But some of the neighbors were fascinatingly careless
of inspection--and they always promised to be more careless than
they were.
Mrs. Thropp came rushing in from the kitchen. She had been trying
in vain to make a friend of Kedzie's one servant. But this maid,
like a self-respectful employee or a good soldier, resented the
familiarity of an official superior as an indecency and an insult.
She made up her mind to quit.
After Mrs. Thropp had expressed her wonderment at seeing her children
return, she turned the full power of her hospitality on poor Jim
Dyckman. He could not give notice and seek another job.
Mrs. Thropp's first problem was the proper style and title of
her son-in-law.
"What am I goin' to call you, anyhow?" she said. "_Jim_ sounds
kind of familiar on short acquaintance, and _James_ is sort of
distant. _Son-in-law_ is hor'ble, and _Son_ is--How would
you like it if I was to call you '_Son_'? What does your own
mother call you?"
"_Jimsy_" Jim admitted, shamefacedly.
"_Jimsy_ is right nice," said Mrs.

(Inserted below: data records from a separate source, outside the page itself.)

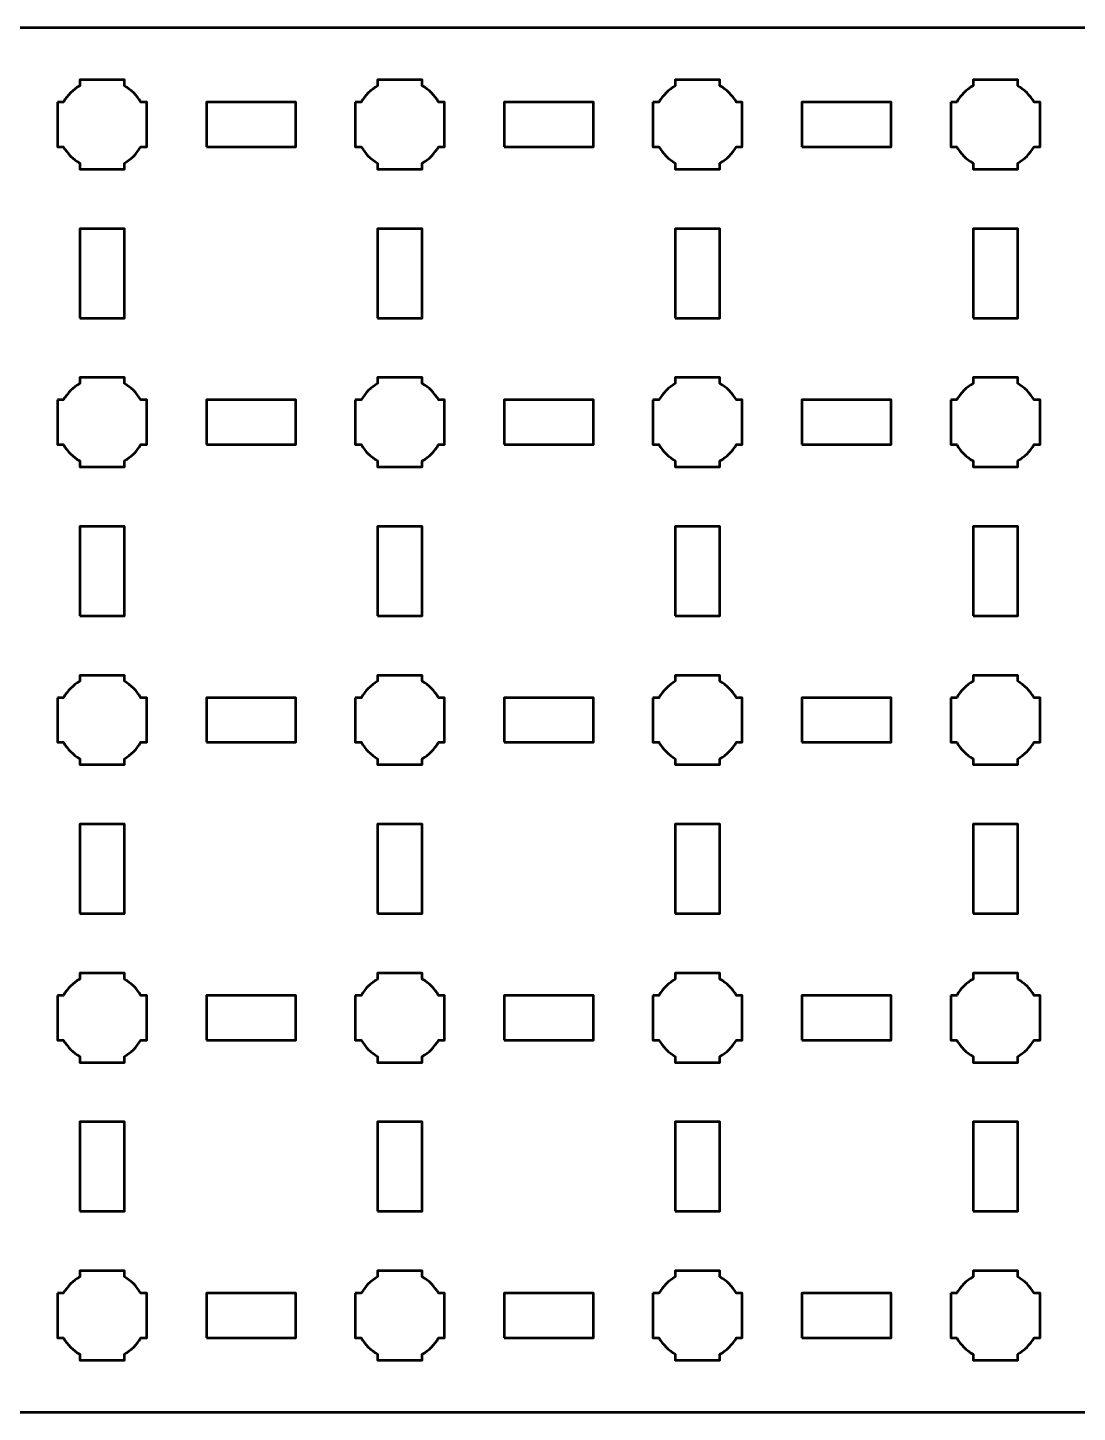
# Model space of a CAD drawing. Header units: centimetres. Extents: x -40.1 to 19.1, y -19.5 to -10.2.
# Drawn here: x -26 to -18.95, y -19.5 to -10.2 of the extents above; entities that cross this region are included whole.
import ezdxf

# ---------------------------------------------------------------- set-up
doc = ezdxf.new("R2010")
doc.units = ezdxf.units.CM
doc.header["$MEASUREMENT"] = 0
doc.layers.add('Layer 1', color=7, linetype='Continuous')

msp = doc.modelspace()

# ---------------------------------------------------------------- linework, layer by layer
at = {"layer": 'Layer 1', "color": 250, "lineweight": 53}
for points in [[(-24.8, -11), (-24.2, -11), (-24.2, -10.7), (-24.8, -10.7), (-24.8, -11)], [(-22.8, -11), (-22.2, -11), (-22.2, -10.7), (-22.8, -10.7), (-22.8, -11)], [(-20.8, -11), (-20.2, -11), (-20.2, -10.7), (-20.8, -10.7), (-20.8, -11)], [(-25.65, -12.15), (-25.35, -12.15), (-25.35, -11.55), (-25.65, -11.55), (-25.65, -12.15)], [(-23.65, -12.15), (-23.35, -12.15), (-23.35, -11.55), (-23.65, -11.55), (-23.65, -12.15)], [(-21.65, -12.15), (-21.35, -12.15), (-21.35, -11.55), (-21.65, -11.55), (-21.65, -12.15)], [(-19.65, -12.15), (-19.35, -12.15), (-19.35, -11.55), (-19.65, -11.55), (-19.65, -12.15)], [(-24.8, -13), (-24.2, -13), (-24.2, -12.7), (-24.8, -12.7), (-24.8, -13)], [(-22.8, -13), (-22.2, -13), (-22.2, -12.7), (-22.8, -12.7), (-22.8, -13)], [(-20.8, -13), (-20.2, -13), (-20.2, -12.7), (-20.8, -12.7), (-20.8, -13)], [(-25.65, -14.15), (-25.35, -14.15), (-25.35, -13.55), (-25.65, -13.55), (-25.65, -14.15)], [(-23.65, -14.15), (-23.35, -14.15), (-23.35, -13.55), (-23.65, -13.55), (-23.65, -14.15)], [(-21.65, -14.15), (-21.35, -14.15), (-21.35, -13.55), (-21.65, -13.55), (-21.65, -14.15)], [(-19.65, -14.15), (-19.35, -14.15), (-19.35, -13.55), (-19.65, -13.55), (-19.65, -14.15)], [(-24.8, -15), (-24.2, -15), (-24.2, -14.7), (-24.8, -14.7), (-24.8, -15)], [(-22.8, -15), (-22.2, -15), (-22.2, -14.7), (-22.8, -14.7), (-22.8, -15)], [(-20.8, -15), (-20.2, -15), (-20.2, -14.7), (-20.8, -14.7), (-20.8, -15)], [(-25.65, -16.15), (-25.35, -16.15), (-25.35, -15.55), (-25.65, -15.55), (-25.65, -16.15)], [(-23.65, -16.15), (-23.35, -16.15), (-23.35, -15.55), (-23.65, -15.55), (-23.65, -16.15)], [(-21.65, -16.15), (-21.35, -16.15), (-21.35, -15.55), (-21.65, -15.55), (-21.65, -16.15)], [(-19.65, -16.15), (-19.35, -16.15), (-19.35, -15.55), (-19.65, -15.55), (-19.65, -16.15)], [(-24.8, -17), (-24.2, -17), (-24.2, -16.7), (-24.8, -16.7), (-24.8, -17)], [(-22.8, -17), (-22.2, -17), (-22.2, -16.7), (-22.8, -16.7), (-22.8, -17)], [(-20.8, -17), (-20.2, -17), (-20.2, -16.7), (-20.8, -16.7), (-20.8, -17)], [(-25.65, -18.15), (-25.35, -18.15), (-25.35, -17.55), (-25.65, -17.55), (-25.65, -18.15)], [(-23.65, -18.15), (-23.35, -18.15), (-23.35, -17.55), (-23.65, -17.55), (-23.65, -18.15)], [(-21.65, -18.15), (-21.35, -18.15), (-21.35, -17.55), (-21.65, -17.55), (-21.65, -18.15)], [(-19.65, -18.15), (-19.35, -18.15), (-19.35, -17.55), (-19.65, -17.55), (-19.65, -18.15)], [(-24.8, -19), (-24.2, -19), (-24.2, -18.7), (-24.8, -18.7), (-24.8, -19)], [(-22.8, -19), (-22.2, -19), (-22.2, -18.7), (-22.8, -18.7), (-22.8, -19)], [(-20.8, -19), (-20.2, -19), (-20.2, -18.7), (-20.8, -18.7), (-20.8, -19)]]:
    msp.add_lwpolyline(points, close=True, dxfattribs=at)
msp.add_open_spline([(-40.15, -19), (-40.15, -19), (-40.15, -10.7), (-40.15, -10.7), (-40.15, -10.7), (-40.15, -10.42391), (-39.92609, -10.2), (-39.65, -10.2), (-39.65, -10.2), (-39.65, -10.2), (18.65, -10.2), (18.65, -10.2), (18.65, -10.2), (18.92609, -10.2), (19.15, -10.42391), (19.15, -10.7), (19.15, -10.7), (19.15, -10.7), (19.15, -19), (19.15, -19), (19.15, -19), (19.15, -19.27609), (18.92609, -19.5), (18.65, -19.5), (18.65, -19.5), (18.65, -19.5), (-39.65, -19.5), (-39.65, -19.5), (-39.65, -19.5), (-39.92609, -19.5), (-40.15, -19.27609), (-40.15, -19)], degree=3, knots=[0, 0, 0, 0, 0.125, 0.125, 0.125, 0.125, 0.25, 0.25, 0.25, 0.25, 0.375, 0.375, 0.375, 0.375, 0.5, 0.5, 0.5, 0.5, 0.625, 0.625, 0.625, 0.625, 0.75, 0.75, 0.75, 0.75, 0.875, 0.875, 0.875, 0.875, 1, 1, 1, 1], dxfattribs=at)
at = {"layer": 'Layer 1', "lineweight": 53}
for points in [[(-25.8, -10.7), (-25.8, -10.7), (-25.75985, -10.7), (-25.75985, -10.7), (-25.75985, -10.7), (-25.7335, -10.65447), (-25.69553, -10.6165), (-25.65, -10.59015), (-25.65, -10.59015), (-25.65, -10.59015), (-25.65, -10.55), (-25.65, -10.55), (-25.65, -10.55), (-25.65, -10.55), (-25.5, -10.55), (-25.5, -10.55), (-25.5, -10.55), (-25.5, -10.55), (-25.35, -10.55), (-25.35, -10.55), (-25.35, -10.55), (-25.35, -10.55), (-25.35, -10.59015), (-25.35, -10.59015), (-25.35, -10.59015), (-25.30447, -10.6165), (-25.2665, -10.65447), (-25.24015, -10.7), (-25.24015, -10.7), (-25.24015, -10.7), (-25.2, -10.7), (-25.2, -10.7), (-25.2, -10.7), (-25.2, -10.7), (-25.2, -10.85), (-25.2, -10.85), (-25.2, -10.85), (-25.2, -10.85), (-25.2, -11), (-25.2, -11), (-25.2, -11), (-25.2, -11), (-25.24015, -11), (-25.24015, -11), (-25.24015, -11), (-25.2665, -11.04553), (-25.30447, -11.0835), (-25.35, -11.10985), (-25.35, -11.10985), (-25.35, -11.10985), (-25.35, -11.15), (-25.35, -11.15), (-25.35, -11.15), (-25.35, -11.15), (-25.5, -11.15), (-25.5, -11.15), (-25.5, -11.15), (-25.5, -11.15), (-25.65, -11.15), (-25.65, -11.15), (-25.65, -11.15), (-25.65, -11.15), (-25.65, -11.10985), (-25.65, -11.10985), (-25.65, -11.10985), (-25.69553, -11.0835), (-25.7335, -11.04553), (-25.75985, -11), (-25.75985, -11), (-25.75985, -11), (-25.8, -11), (-25.8, -11), (-25.8, -11), (-25.8, -11), (-25.8, -10.85), (-25.8, -10.85), (-25.8, -10.85), (-25.8, -10.85), (-25.8, -10.7), (-25.8, -10.7)], [(-23.8, -10.7), (-23.8, -10.7), (-23.75985, -10.7), (-23.75985, -10.7), (-23.75985, -10.7), (-23.7335, -10.65447), (-23.69553, -10.6165), (-23.65, -10.59015), (-23.65, -10.59015), (-23.65, -10.59015), (-23.65, -10.55), (-23.65, -10.55), (-23.65, -10.55), (-23.65, -10.55), (-23.5, -10.55), (-23.5, -10.55), (-23.5, -10.55), (-23.5, -10.55), (-23.35, -10.55), (-23.35, -10.55), (-23.35, -10.55), (-23.35, -10.55), (-23.35, -10.59015), (-23.35, -10.59015), (-23.35, -10.59015), (-23.30447, -10.6165), (-23.2665, -10.65447), (-23.24015, -10.7), (-23.24015, -10.7), (-23.24015, -10.7), (-23.2, -10.7), (-23.2, -10.7), (-23.2, -10.7), (-23.2, -10.7), (-23.2, -10.85), (-23.2, -10.85), (-23.2, -10.85), (-23.2, -10.85), (-23.2, -11), (-23.2, -11), (-23.2, -11), (-23.2, -11), (-23.24015, -11), (-23.24015, -11), (-23.24015, -11), (-23.2665, -11.04553), (-23.30447, -11.0835), (-23.35, -11.10985), (-23.35, -11.10985), (-23.35, -11.10985), (-23.35, -11.15), (-23.35, -11.15), (-23.35, -11.15), (-23.35, -11.15), (-23.5, -11.15), (-23.5, -11.15), (-23.5, -11.15), (-23.5, -11.15), (-23.65, -11.15), (-23.65, -11.15), (-23.65, -11.15), (-23.65, -11.15), (-23.65, -11.10985), (-23.65, -11.10985), (-23.65, -11.10985), (-23.69553, -11.0835), (-23.7335, -11.04553), (-23.75985, -11), (-23.75985, -11), (-23.75985, -11), (-23.8, -11), (-23.8, -11), (-23.8, -11), (-23.8, -11), (-23.8, -10.85), (-23.8, -10.85), (-23.8, -10.85), (-23.8, -10.85), (-23.8, -10.7), (-23.8, -10.7)], [(-21.8, -10.7), (-21.8, -10.7), (-21.75985, -10.7), (-21.75985, -10.7), (-21.75985, -10.7), (-21.7335, -10.65447), (-21.69553, -10.6165), (-21.65, -10.59015), (-21.65, -10.59015), (-21.65, -10.59015), (-21.65, -10.55), (-21.65, -10.55), (-21.65, -10.55), (-21.65, -10.55), (-21.5, -10.55), (-21.5, -10.55), (-21.5, -10.55), (-21.5, -10.55), (-21.35, -10.55), (-21.35, -10.55), (-21.35, -10.55), (-21.35, -10.55), (-21.35, -10.59015), (-21.35, -10.59015), (-21.35, -10.59015), (-21.30447, -10.6165), (-21.2665, -10.65447), (-21.24015, -10.7), (-21.24015, -10.7), (-21.24015, -10.7), (-21.2, -10.7), (-21.2, -10.7), (-21.2, -10.7), (-21.2, -10.7), (-21.2, -10.85), (-21.2, -10.85), (-21.2, -10.85), (-21.2, -10.85), (-21.2, -11), (-21.2, -11), (-21.2, -11), (-21.2, -11), (-21.24015, -11), (-21.24015, -11), (-21.24015, -11), (-21.2665, -11.04553), (-21.30447, -11.0835), (-21.35, -11.10985), (-21.35, -11.10985), (-21.35, -11.10985), (-21.35, -11.15), (-21.35, -11.15), (-21.35, -11.15), (-21.35, -11.15), (-21.5, -11.15), (-21.5, -11.15), (-21.5, -11.15), (-21.5, -11.15), (-21.65, -11.15), (-21.65, -11.15), (-21.65, -11.15), (-21.65, -11.15), (-21.65, -11.10985), (-21.65, -11.10985), (-21.65, -11.10985), (-21.69553, -11.0835), (-21.7335, -11.04553), (-21.75985, -11), (-21.75985, -11), (-21.75985, -11), (-21.8, -11), (-21.8, -11), (-21.8, -11), (-21.8, -11), (-21.8, -10.85), (-21.8, -10.85), (-21.8, -10.85), (-21.8, -10.85), (-21.8, -10.7), (-21.8, -10.7)], [(-19.8, -10.7), (-19.8, -10.7), (-19.75985, -10.7), (-19.75985, -10.7), (-19.75985, -10.7), (-19.7335, -10.65447), (-19.69553, -10.6165), (-19.65, -10.59015), (-19.65, -10.59015), (-19.65, -10.59015), (-19.65, -10.55), (-19.65, -10.55), (-19.65, -10.55), (-19.65, -10.55), (-19.5, -10.55), (-19.5, -10.55), (-19.5, -10.55), (-19.5, -10.55), (-19.35, -10.55), (-19.35, -10.55), (-19.35, -10.55), (-19.35, -10.55), (-19.35, -10.59015), (-19.35, -10.59015), (-19.35, -10.59015), (-19.30447, -10.6165), (-19.2665, -10.65447), (-19.24015, -10.7), (-19.24015, -10.7), (-19.24015, -10.7), (-19.2, -10.7), (-19.2, -10.7), (-19.2, -10.7), (-19.2, -10.7), (-19.2, -10.85), (-19.2, -10.85), (-19.2, -10.85), (-19.2, -10.85), (-19.2, -11), (-19.2, -11), (-19.2, -11), (-19.2, -11), (-19.24015, -11), (-19.24015, -11), (-19.24015, -11), (-19.2665, -11.04553), (-19.30447, -11.0835), (-19.35, -11.10985), (-19.35, -11.10985), (-19.35, -11.10985), (-19.35, -11.15), (-19.35, -11.15), (-19.35, -11.15), (-19.35, -11.15), (-19.5, -11.15), (-19.5, -11.15), (-19.5, -11.15), (-19.5, -11.15), (-19.65, -11.15), (-19.65, -11.15), (-19.65, -11.15), (-19.65, -11.15), (-19.65, -11.10985), (-19.65, -11.10985), (-19.65, -11.10985), (-19.69553, -11.0835), (-19.7335, -11.04553), (-19.75985, -11), (-19.75985, -11), (-19.75985, -11), (-19.8, -11), (-19.8, -11), (-19.8, -11), (-19.8, -11), (-19.8, -10.85), (-19.8, -10.85), (-19.8, -10.85), (-19.8, -10.85), (-19.8, -10.7), (-19.8, -10.7)], [(-25.8, -12.7), (-25.8, -12.7), (-25.75985, -12.7), (-25.75985, -12.7), (-25.75985, -12.7), (-25.7335, -12.65447), (-25.69553, -12.6165), (-25.65, -12.59015), (-25.65, -12.59015), (-25.65, -12.59015), (-25.65, -12.55), (-25.65, -12.55), (-25.65, -12.55), (-25.65, -12.55), (-25.5, -12.55), (-25.5, -12.55), (-25.5, -12.55), (-25.5, -12.55), (-25.35, -12.55), (-25.35, -12.55), (-25.35, -12.55), (-25.35, -12.55), (-25.35, -12.59015), (-25.35, -12.59015), (-25.35, -12.59015), (-25.30447, -12.6165), (-25.2665, -12.65447), (-25.24015, -12.7), (-25.24015, -12.7), (-25.24015, -12.7), (-25.2, -12.7), (-25.2, -12.7), (-25.2, -12.7), (-25.2, -12.7), (-25.2, -12.85), (-25.2, -12.85), (-25.2, -12.85), (-25.2, -12.85), (-25.2, -13), (-25.2, -13), (-25.2, -13), (-25.2, -13), (-25.24015, -13), (-25.24015, -13), (-25.24015, -13), (-25.2665, -13.04553), (-25.30447, -13.0835), (-25.35, -13.10985), (-25.35, -13.10985), (-25.35, -13.10985), (-25.35, -13.15), (-25.35, -13.15), (-25.35, -13.15), (-25.35, -13.15), (-25.5, -13.15), (-25.5, -13.15), (-25.5, -13.15), (-25.5, -13.15), (-25.65, -13.15), (-25.65, -13.15), (-25.65, -13.15), (-25.65, -13.15), (-25.65, -13.10985), (-25.65, -13.10985), (-25.65, -13.10985), (-25.69553, -13.0835), (-25.7335, -13.04553), (-25.75985, -13), (-25.75985, -13), (-25.75985, -13), (-25.8, -13), (-25.8, -13), (-25.8, -13), (-25.8, -13), (-25.8, -12.85), (-25.8, -12.85), (-25.8, -12.85), (-25.8, -12.85), (-25.8, -12.7), (-25.8, -12.7)], [(-23.8, -12.7), (-23.8, -12.7), (-23.75985, -12.7), (-23.75985, -12.7), (-23.75985, -12.7), (-23.7335, -12.65447), (-23.69553, -12.6165), (-23.65, -12.59015), (-23.65, -12.59015), (-23.65, -12.59015), (-23.65, -12.55), (-23.65, -12.55), (-23.65, -12.55), (-23.65, -12.55), (-23.5, -12.55), (-23.5, -12.55), (-23.5, -12.55), (-23.5, -12.55), (-23.35, -12.55), (-23.35, -12.55), (-23.35, -12.55), (-23.35, -12.55), (-23.35, -12.59015), (-23.35, -12.59015), (-23.35, -12.59015), (-23.30447, -12.6165), (-23.2665, -12.65447), (-23.24015, -12.7), (-23.24015, -12.7), (-23.24015, -12.7), (-23.2, -12.7), (-23.2, -12.7), (-23.2, -12.7), (-23.2, -12.7), (-23.2, -12.85), (-23.2, -12.85), (-23.2, -12.85), (-23.2, -12.85), (-23.2, -13), (-23.2, -13), (-23.2, -13), (-23.2, -13), (-23.24015, -13), (-23.24015, -13), (-23.24015, -13), (-23.2665, -13.04553), (-23.30447, -13.0835), (-23.35, -13.10985), (-23.35, -13.10985), (-23.35, -13.10985), (-23.35, -13.15), (-23.35, -13.15), (-23.35, -13.15), (-23.35, -13.15), (-23.5, -13.15), (-23.5, -13.15), (-23.5, -13.15), (-23.5, -13.15), (-23.65, -13.15), (-23.65, -13.15), (-23.65, -13.15), (-23.65, -13.15), (-23.65, -13.10985), (-23.65, -13.10985), (-23.65, -13.10985), (-23.69553, -13.0835), (-23.7335, -13.04553), (-23.75985, -13), (-23.75985, -13), (-23.75985, -13), (-23.8, -13), (-23.8, -13), (-23.8, -13), (-23.8, -13), (-23.8, -12.85), (-23.8, -12.85), (-23.8, -12.85), (-23.8, -12.85), (-23.8, -12.7), (-23.8, -12.7)], [(-21.8, -12.7), (-21.8, -12.7), (-21.75985, -12.7), (-21.75985, -12.7), (-21.75985, -12.7), (-21.7335, -12.65447), (-21.69553, -12.6165), (-21.65, -12.59015), (-21.65, -12.59015), (-21.65, -12.59015), (-21.65, -12.55), (-21.65, -12.55), (-21.65, -12.55), (-21.65, -12.55), (-21.5, -12.55), (-21.5, -12.55), (-21.5, -12.55), (-21.5, -12.55), (-21.35, -12.55), (-21.35, -12.55), (-21.35, -12.55), (-21.35, -12.55), (-21.35, -12.59015), (-21.35, -12.59015), (-21.35, -12.59015), (-21.30447, -12.6165), (-21.2665, -12.65447), (-21.24015, -12.7), (-21.24015, -12.7), (-21.24015, -12.7), (-21.2, -12.7), (-21.2, -12.7), (-21.2, -12.7), (-21.2, -12.7), (-21.2, -12.85), (-21.2, -12.85), (-21.2, -12.85), (-21.2, -12.85), (-21.2, -13), (-21.2, -13), (-21.2, -13), (-21.2, -13), (-21.24015, -13), (-21.24015, -13), (-21.24015, -13), (-21.2665, -13.04553), (-21.30447, -13.0835), (-21.35, -13.10985), (-21.35, -13.10985), (-21.35, -13.10985), (-21.35, -13.15), (-21.35, -13.15), (-21.35, -13.15), (-21.35, -13.15), (-21.5, -13.15), (-21.5, -13.15), (-21.5, -13.15), (-21.5, -13.15), (-21.65, -13.15), (-21.65, -13.15), (-21.65, -13.15), (-21.65, -13.15), (-21.65, -13.10985), (-21.65, -13.10985), (-21.65, -13.10985), (-21.69553, -13.0835), (-21.7335, -13.04553), (-21.75985, -13), (-21.75985, -13), (-21.75985, -13), (-21.8, -13), (-21.8, -13), (-21.8, -13), (-21.8, -13), (-21.8, -12.85), (-21.8, -12.85), (-21.8, -12.85), (-21.8, -12.85), (-21.8, -12.7), (-21.8, -12.7)], [(-19.8, -12.7), (-19.8, -12.7), (-19.75985, -12.7), (-19.75985, -12.7), (-19.75985, -12.7), (-19.7335, -12.65447), (-19.69553, -12.6165), (-19.65, -12.59015), (-19.65, -12.59015), (-19.65, -12.59015), (-19.65, -12.55), (-19.65, -12.55), (-19.65, -12.55), (-19.65, -12.55), (-19.5, -12.55), (-19.5, -12.55), (-19.5, -12.55), (-19.5, -12.55), (-19.35, -12.55), (-19.35, -12.55), (-19.35, -12.55), (-19.35, -12.55), (-19.35, -12.59015), (-19.35, -12.59015), (-19.35, -12.59015), (-19.30447, -12.6165), (-19.2665, -12.65447), (-19.24015, -12.7), (-19.24015, -12.7), (-19.24015, -12.7), (-19.2, -12.7), (-19.2, -12.7), (-19.2, -12.7), (-19.2, -12.7), (-19.2, -12.85), (-19.2, -12.85), (-19.2, -12.85), (-19.2, -12.85), (-19.2, -13), (-19.2, -13), (-19.2, -13), (-19.2, -13), (-19.24015, -13), (-19.24015, -13), (-19.24015, -13), (-19.2665, -13.04553), (-19.30447, -13.0835), (-19.35, -13.10985), (-19.35, -13.10985), (-19.35, -13.10985), (-19.35, -13.15), (-19.35, -13.15), (-19.35, -13.15), (-19.35, -13.15), (-19.5, -13.15), (-19.5, -13.15), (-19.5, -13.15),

Thropp, and she Jimsied him
thenceforward, to his acute distress. He found that he had married
not Kedzie only but all the Thropps there were. The father and mother
were the mere foreground of a vast backward and abyss of relations,
beginning with a number of Kedzie's brothers and sisters and their
wives and husbands. Jim was a trifle stunned to learn what lowly
jobs some of his brothers-in-law were glad to hold.